*PROBLEM DESCRIPTION*
I'd like every entry returned exactly as it is, with the images left out.

*DATA FOR PROCESSING*

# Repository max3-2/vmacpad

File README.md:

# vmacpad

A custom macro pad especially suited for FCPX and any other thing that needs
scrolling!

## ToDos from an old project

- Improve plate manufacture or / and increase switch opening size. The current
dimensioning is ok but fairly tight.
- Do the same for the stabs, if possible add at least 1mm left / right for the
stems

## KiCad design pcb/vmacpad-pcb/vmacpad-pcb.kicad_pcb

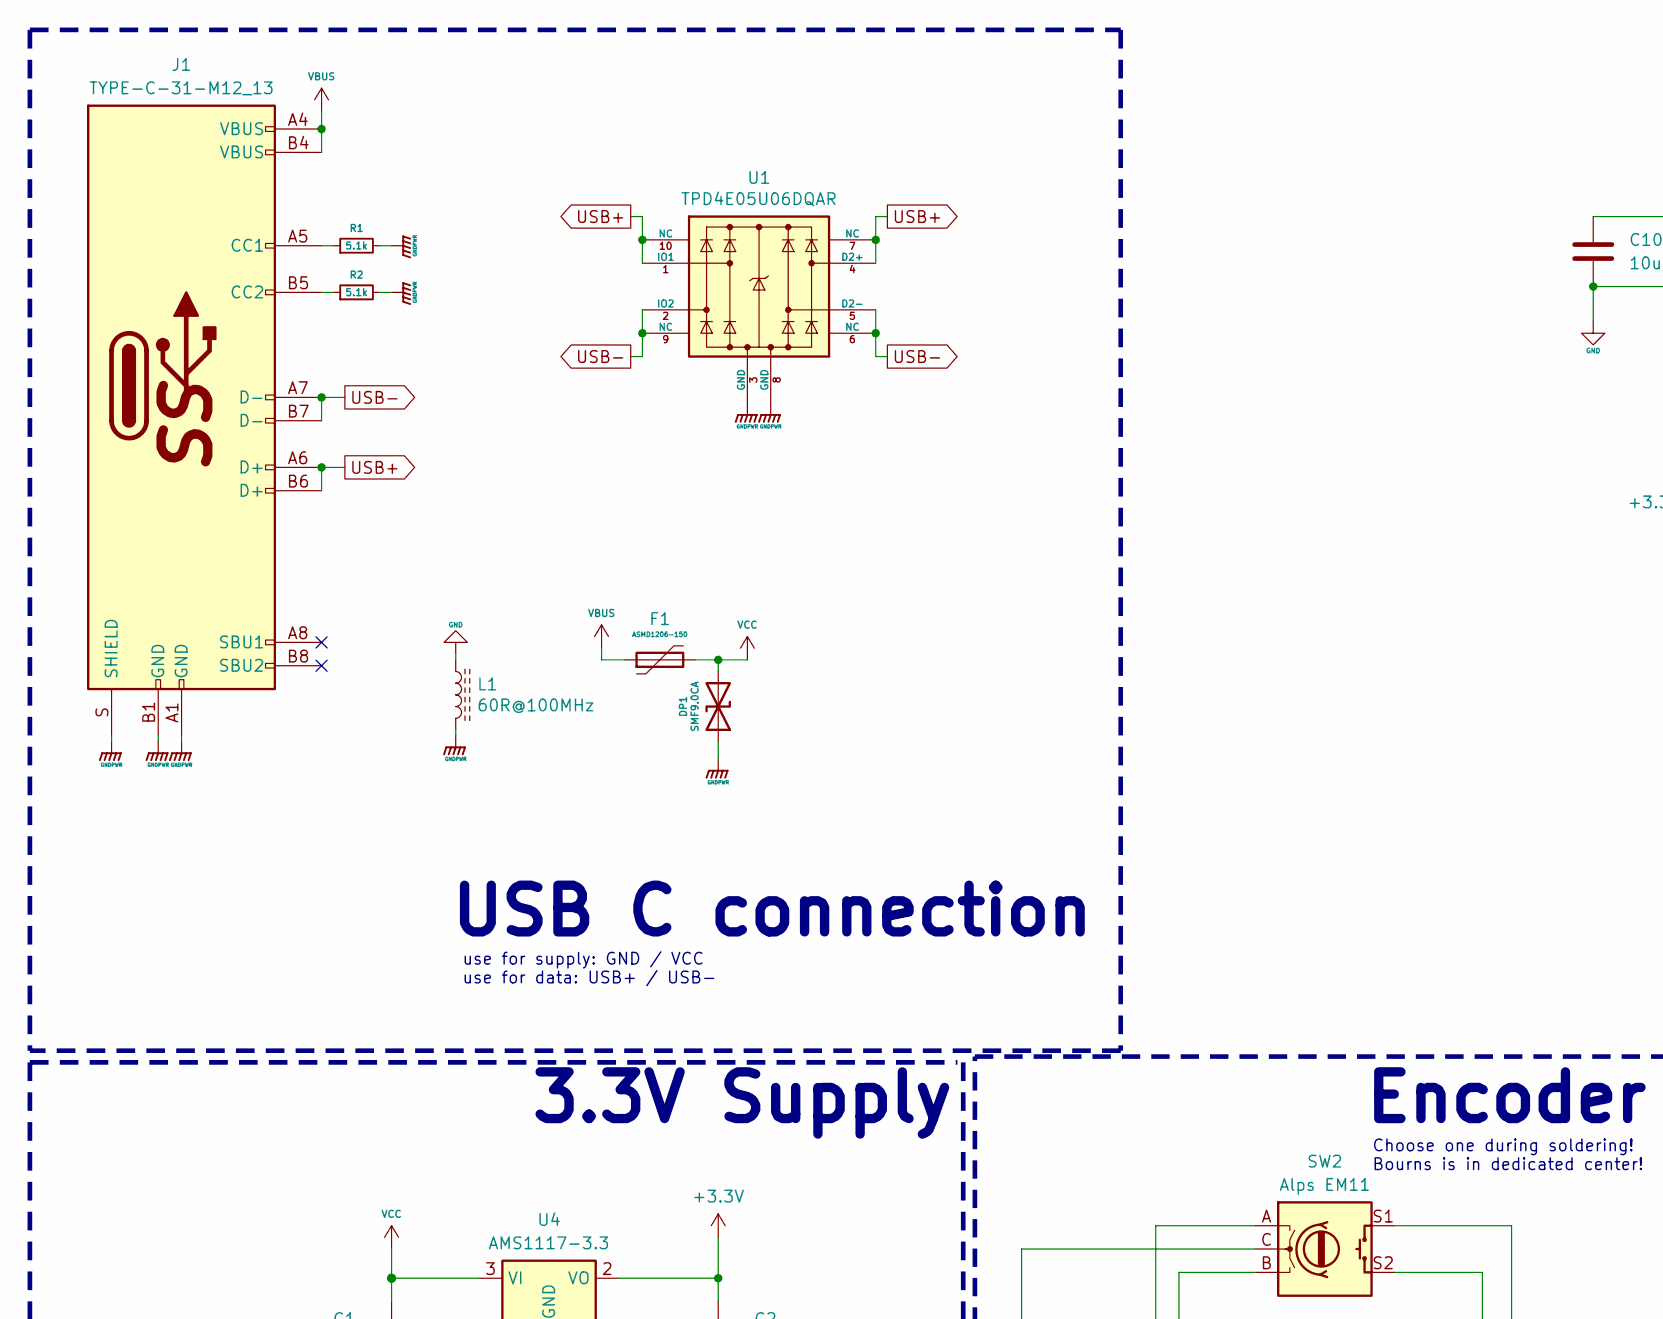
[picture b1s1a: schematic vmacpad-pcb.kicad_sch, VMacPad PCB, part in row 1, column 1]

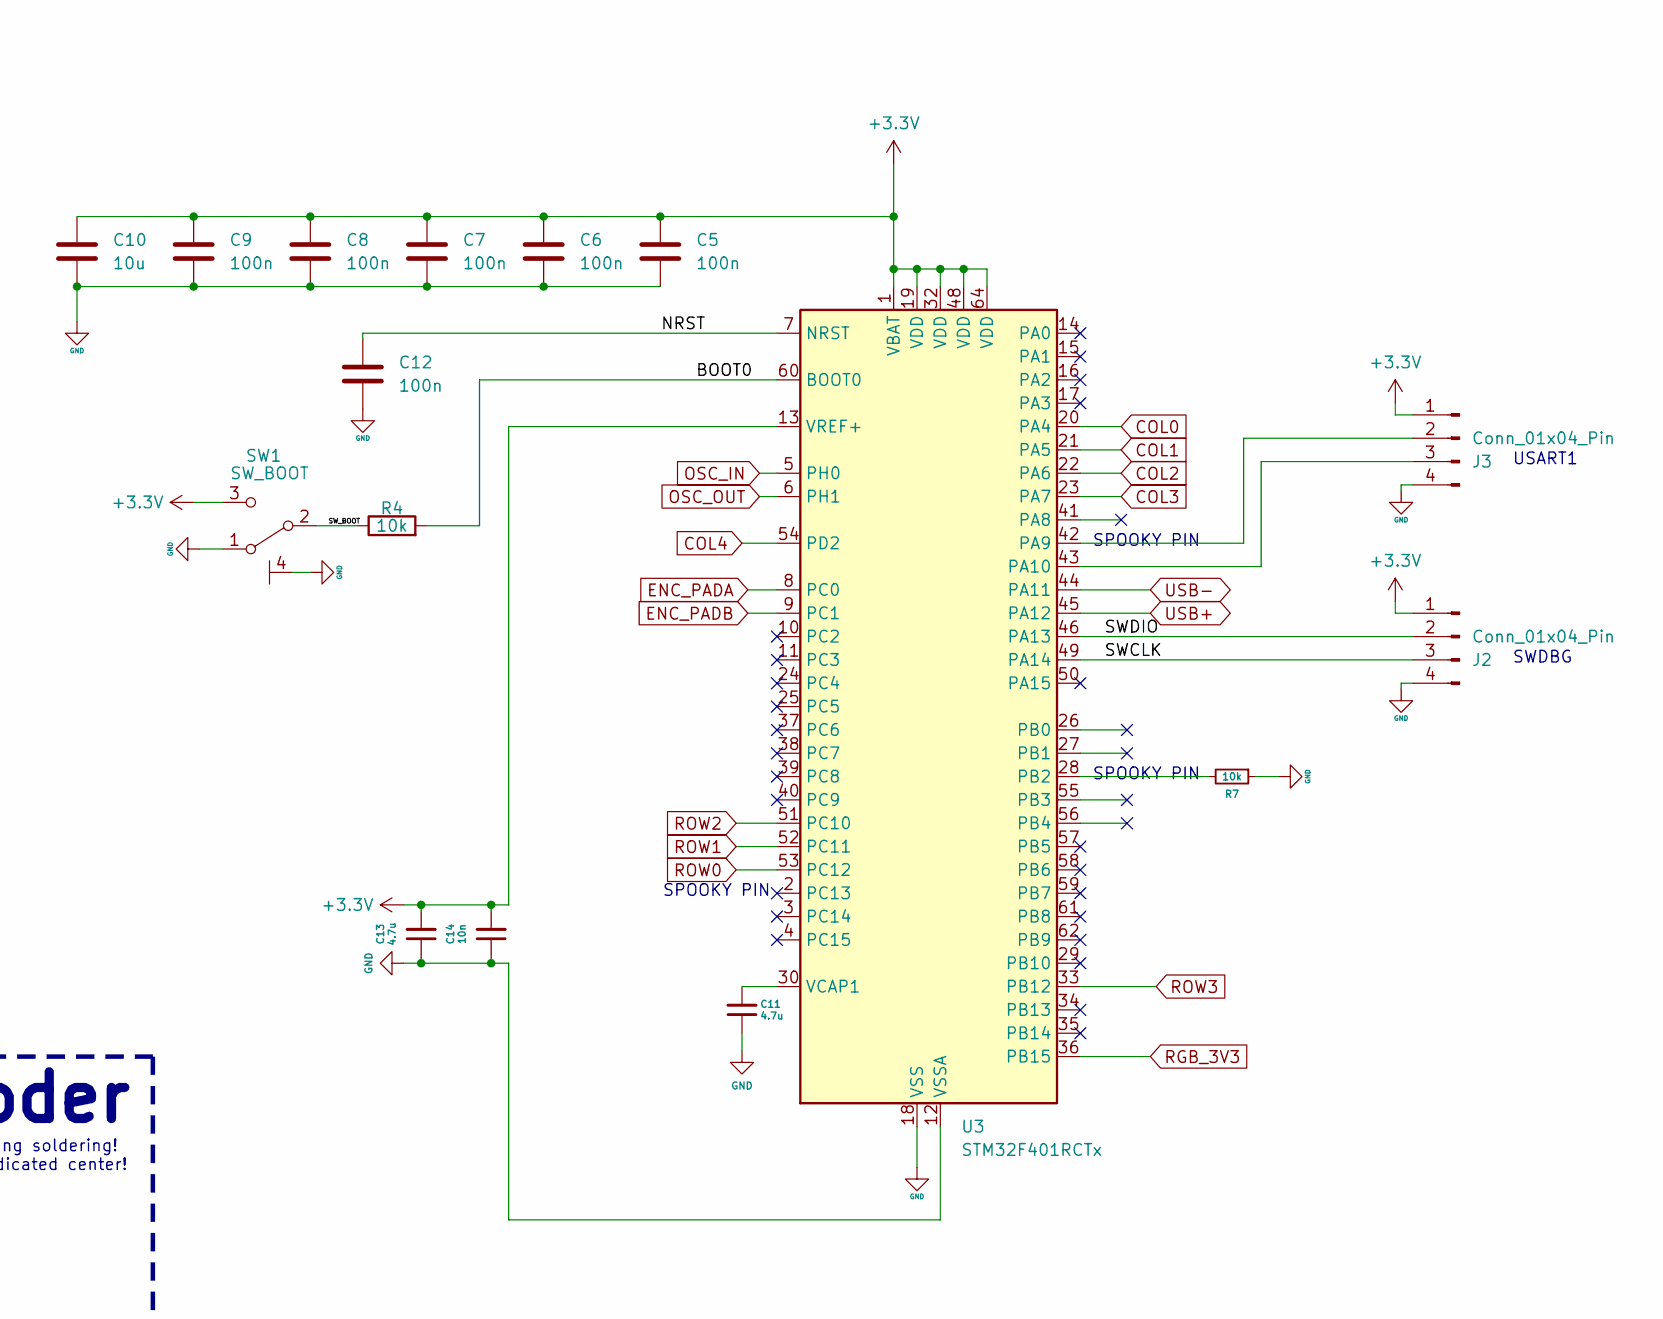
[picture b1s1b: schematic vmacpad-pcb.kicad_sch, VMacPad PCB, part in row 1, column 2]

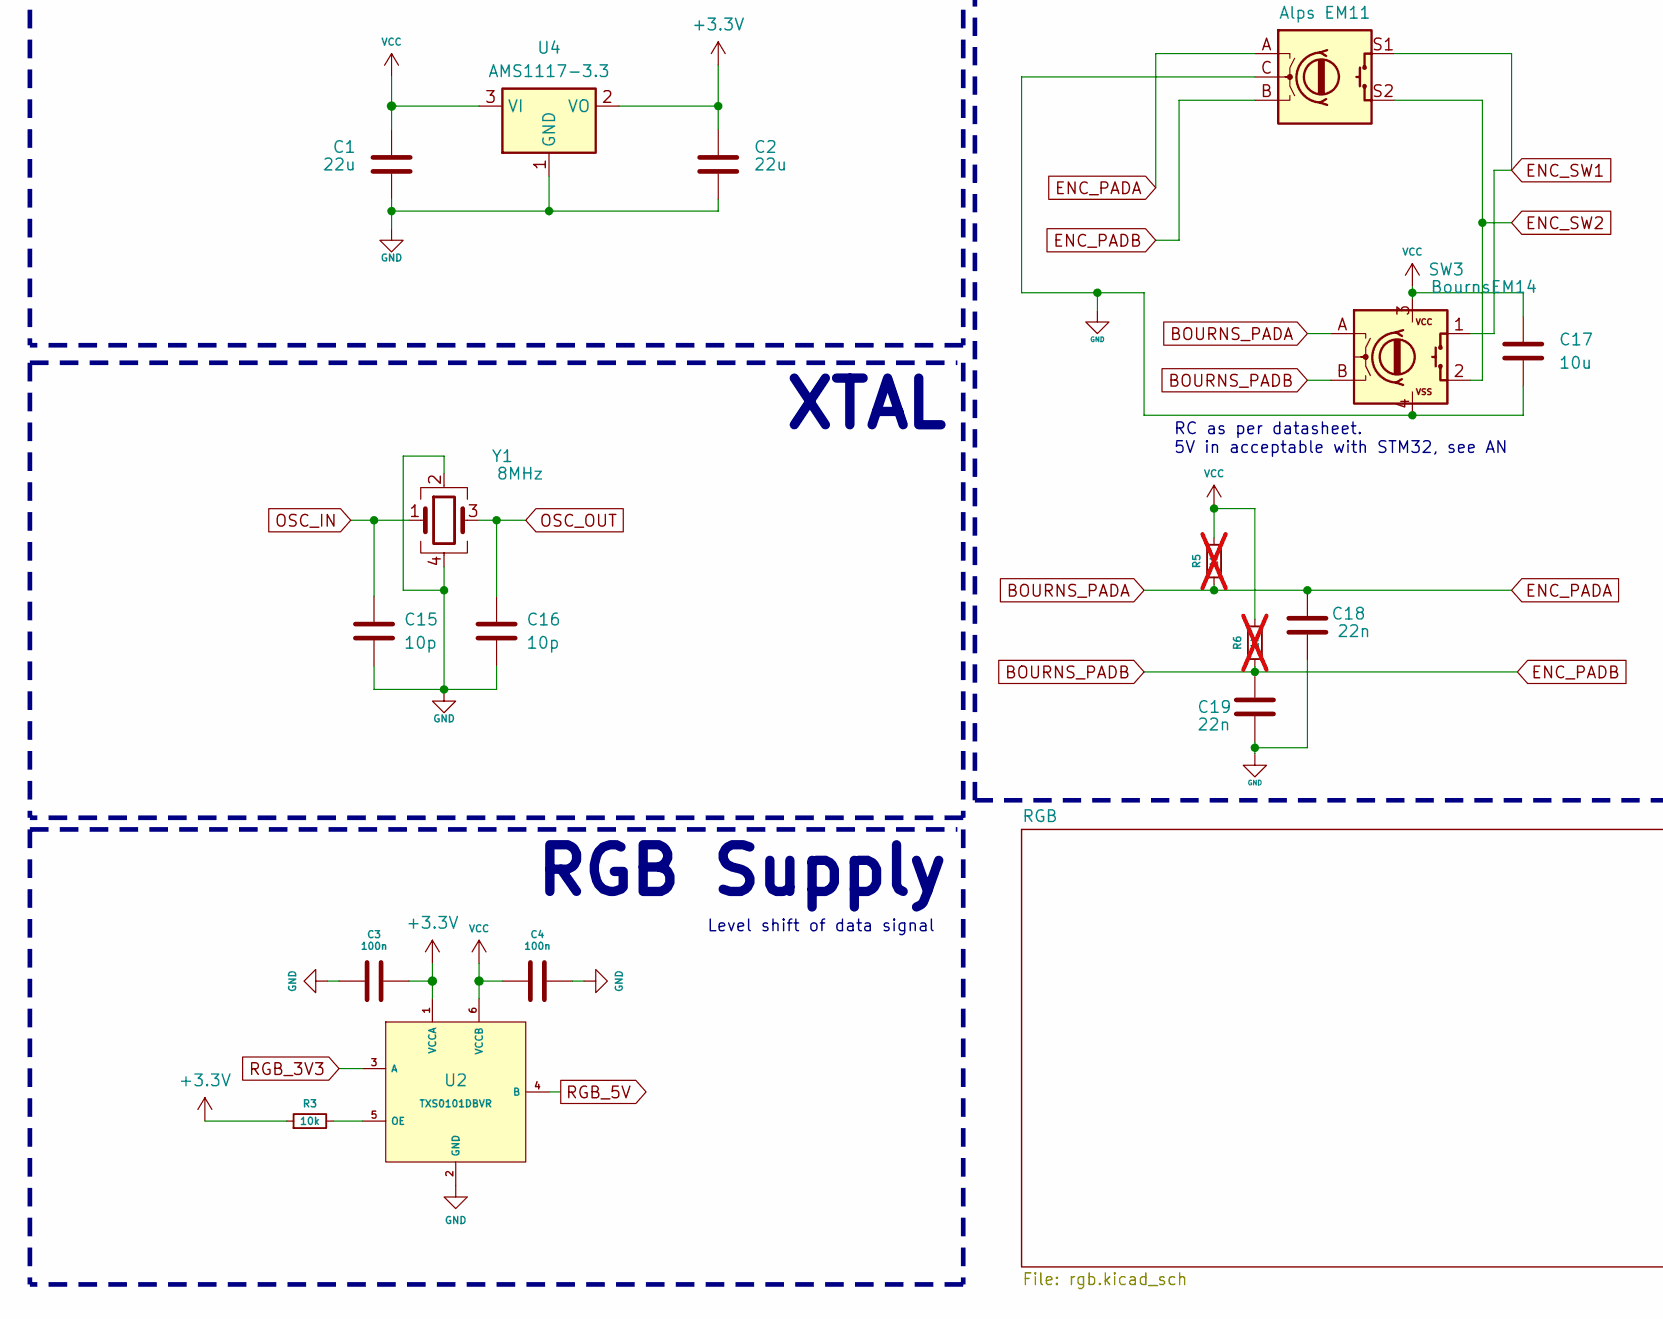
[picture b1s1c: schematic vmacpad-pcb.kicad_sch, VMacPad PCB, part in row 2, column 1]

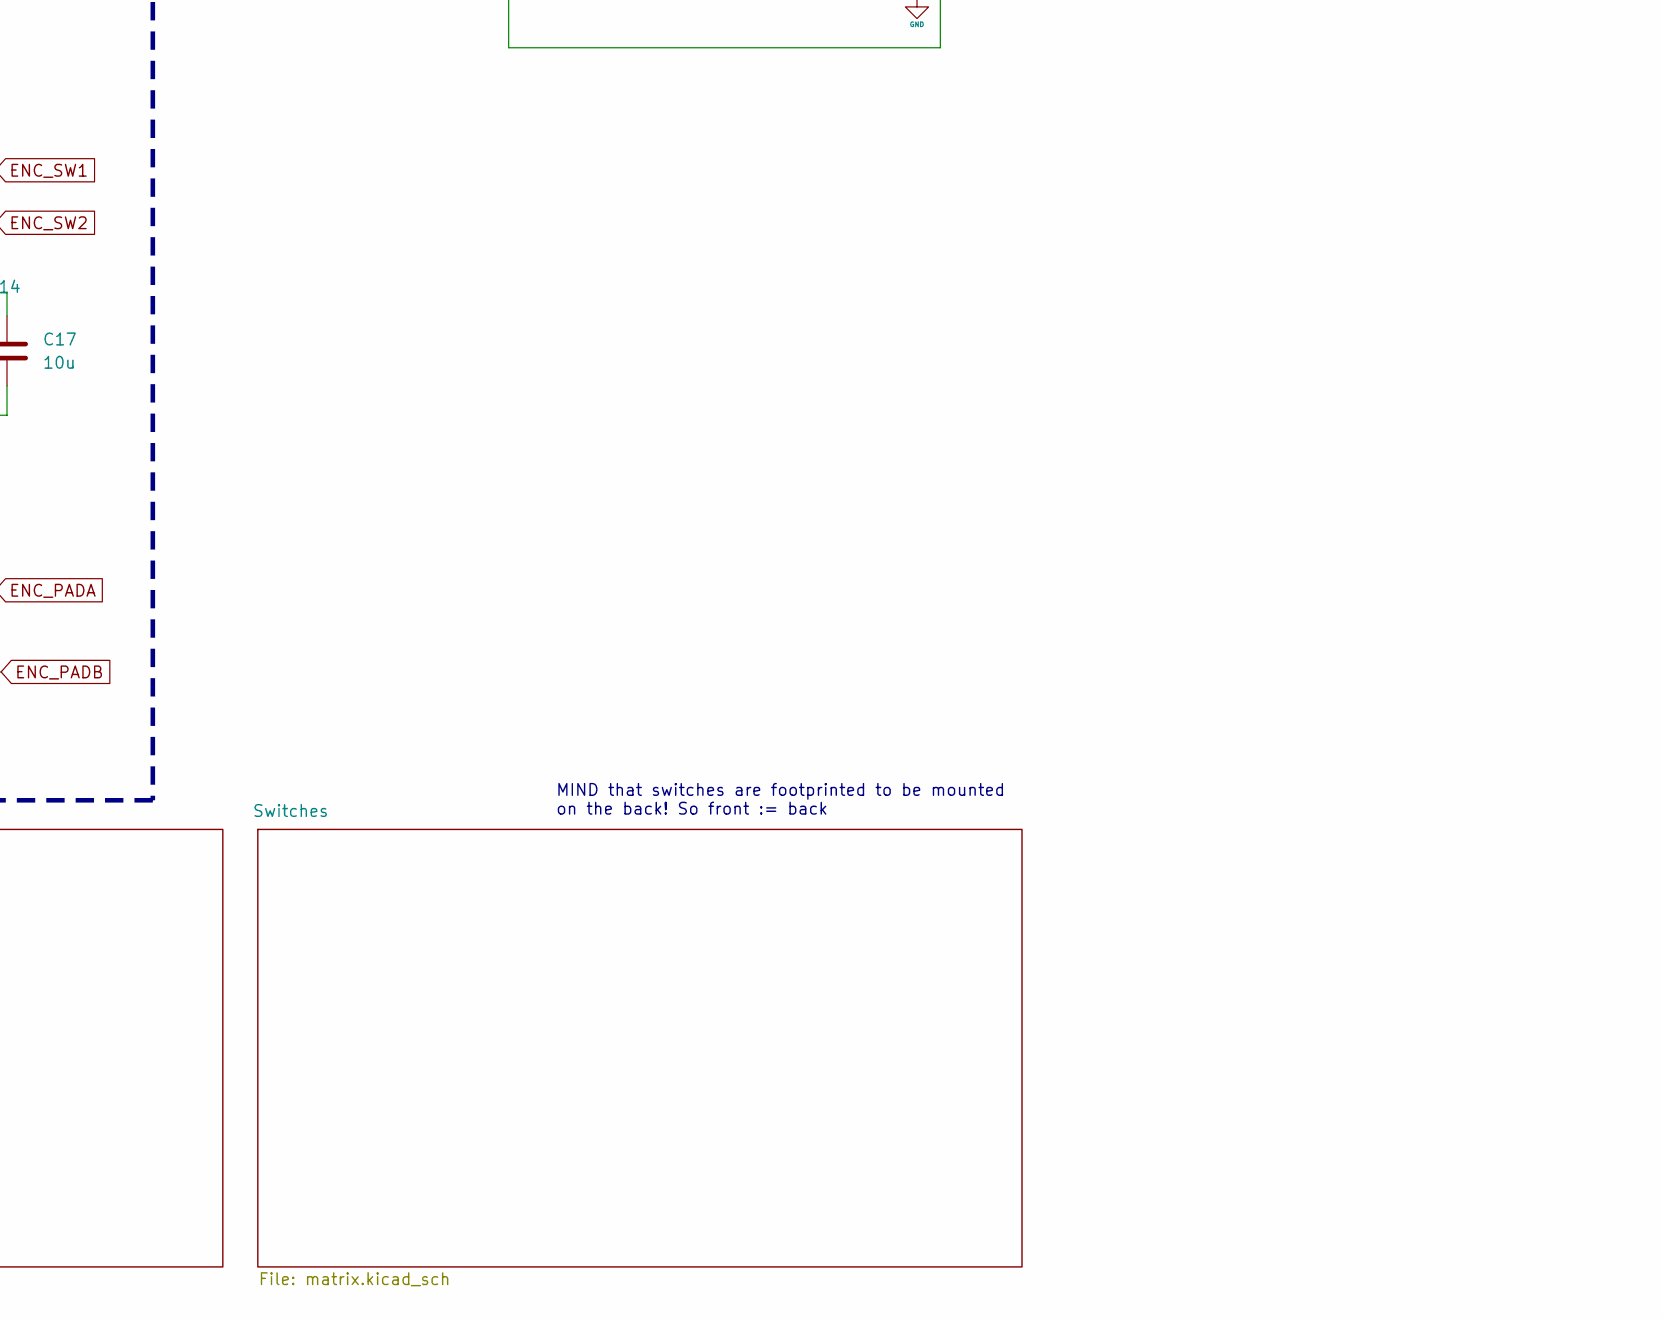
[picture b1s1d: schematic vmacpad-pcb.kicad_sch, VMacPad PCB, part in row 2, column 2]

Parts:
C1, C2: 22u; C_1206_3216Metric; LCSC Part No C2858005
C3, C4, C5, C6, C7, C8, C9, C12: 100n; C_0402_1005Metric; LCSC Part No C77020
C10, C17: 10u; C_0805_2012Metric; LCSC Part No C88484
C11, C13: 4.7u; C_0402_1005Metric; LCSC Part No C368809
C14: 10n; C_0402_1005Metric; LCSC Part No C60133
C15, C16: 10p; C_0402_1005Metric; LCSC Part No C115606
C18, C19: 22n; C_0805_2012Metric; LCSC Part No C51574
DP1: SMF9.0CA; D_SOD-123_Bidirectional; Manufacturer Part No SMF9.0CA; LCSC Part No C123799
F1: ASMD1206-150; Fuse_1206_3216Metric; Manufacturer Part No ASMD1206-150; LCSC Part No C883134
J1: TYPE-C-31-M12_13; TYPE-C-31-M-12; Manufacturer Part No TYPE-C-31-M-12; LCSC Part No C165948
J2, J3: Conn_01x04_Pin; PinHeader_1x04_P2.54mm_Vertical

*ANSWER FOR THIS EXERCISE*
# Repository max3-2/vmacpad

File README.md:

# vmacpad

A custom macro pad especially suited for FCPX and any other thing that needs
scrolling!

## ToDos from an old project

- Improve plate manufacture or / and increase switch opening size. The current
dimensioning is ok but fairly tight.
- Do the same for the stabs, if possible add at least 1mm left / right for the
stems

## KiCad design pcb/vmacpad-pcb/vmacpad-pcb.kicad_pcb

[picture b1s1a: schematic vmacpad-pcb.kicad_sch, VMacPad PCB, part in row 1, column 1]

[picture b1s1b: schematic vmacpad-pcb.kicad_sch, VMacPad PCB, part in row 1, column 2]

[picture b1s1c: schematic vmacpad-pcb.kicad_sch, VMacPad PCB, part in row 2, column 1]

[picture b1s1d: schematic vmacpad-pcb.kicad_sch, VMacPad PCB, part in row 2, column 2]

Parts:
C1, C2: 22u; C_1206_3216Metric; LCSC Part No C2858005
C3, C4, C5, C6, C7, C8, C9, C12: 100n; C_0402_1005Metric; LCSC Part No C77020
C10, C17: 10u; C_0805_2012Metric; LCSC Part No C88484
C11, C13: 4.7u; C_0402_1005Metric; LCSC Part No C368809
C14: 10n; C_0402_1005Metric; LCSC Part No C60133
C15, C16: 10p; C_0402_1005Metric; LCSC Part No C115606
C18, C19: 22n; C_0805_2012Metric; LCSC Part No C51574
DP1: SMF9.0CA; D_SOD-123_Bidirectional; Manufacturer Part No SMF9.0CA; LCSC Part No C123799
F1: ASMD1206-150; Fuse_1206_3216Metric; Manufacturer Part No ASMD1206-150; LCSC Part No C883134
J1: TYPE-C-31-M12_13; TYPE-C-31-M-12; Manufacturer Part No TYPE-C-31-M-12; LCSC Part No C165948
J2, J3: Conn_01x04_Pin; PinHeader_1x04_P2.54mm_Vertical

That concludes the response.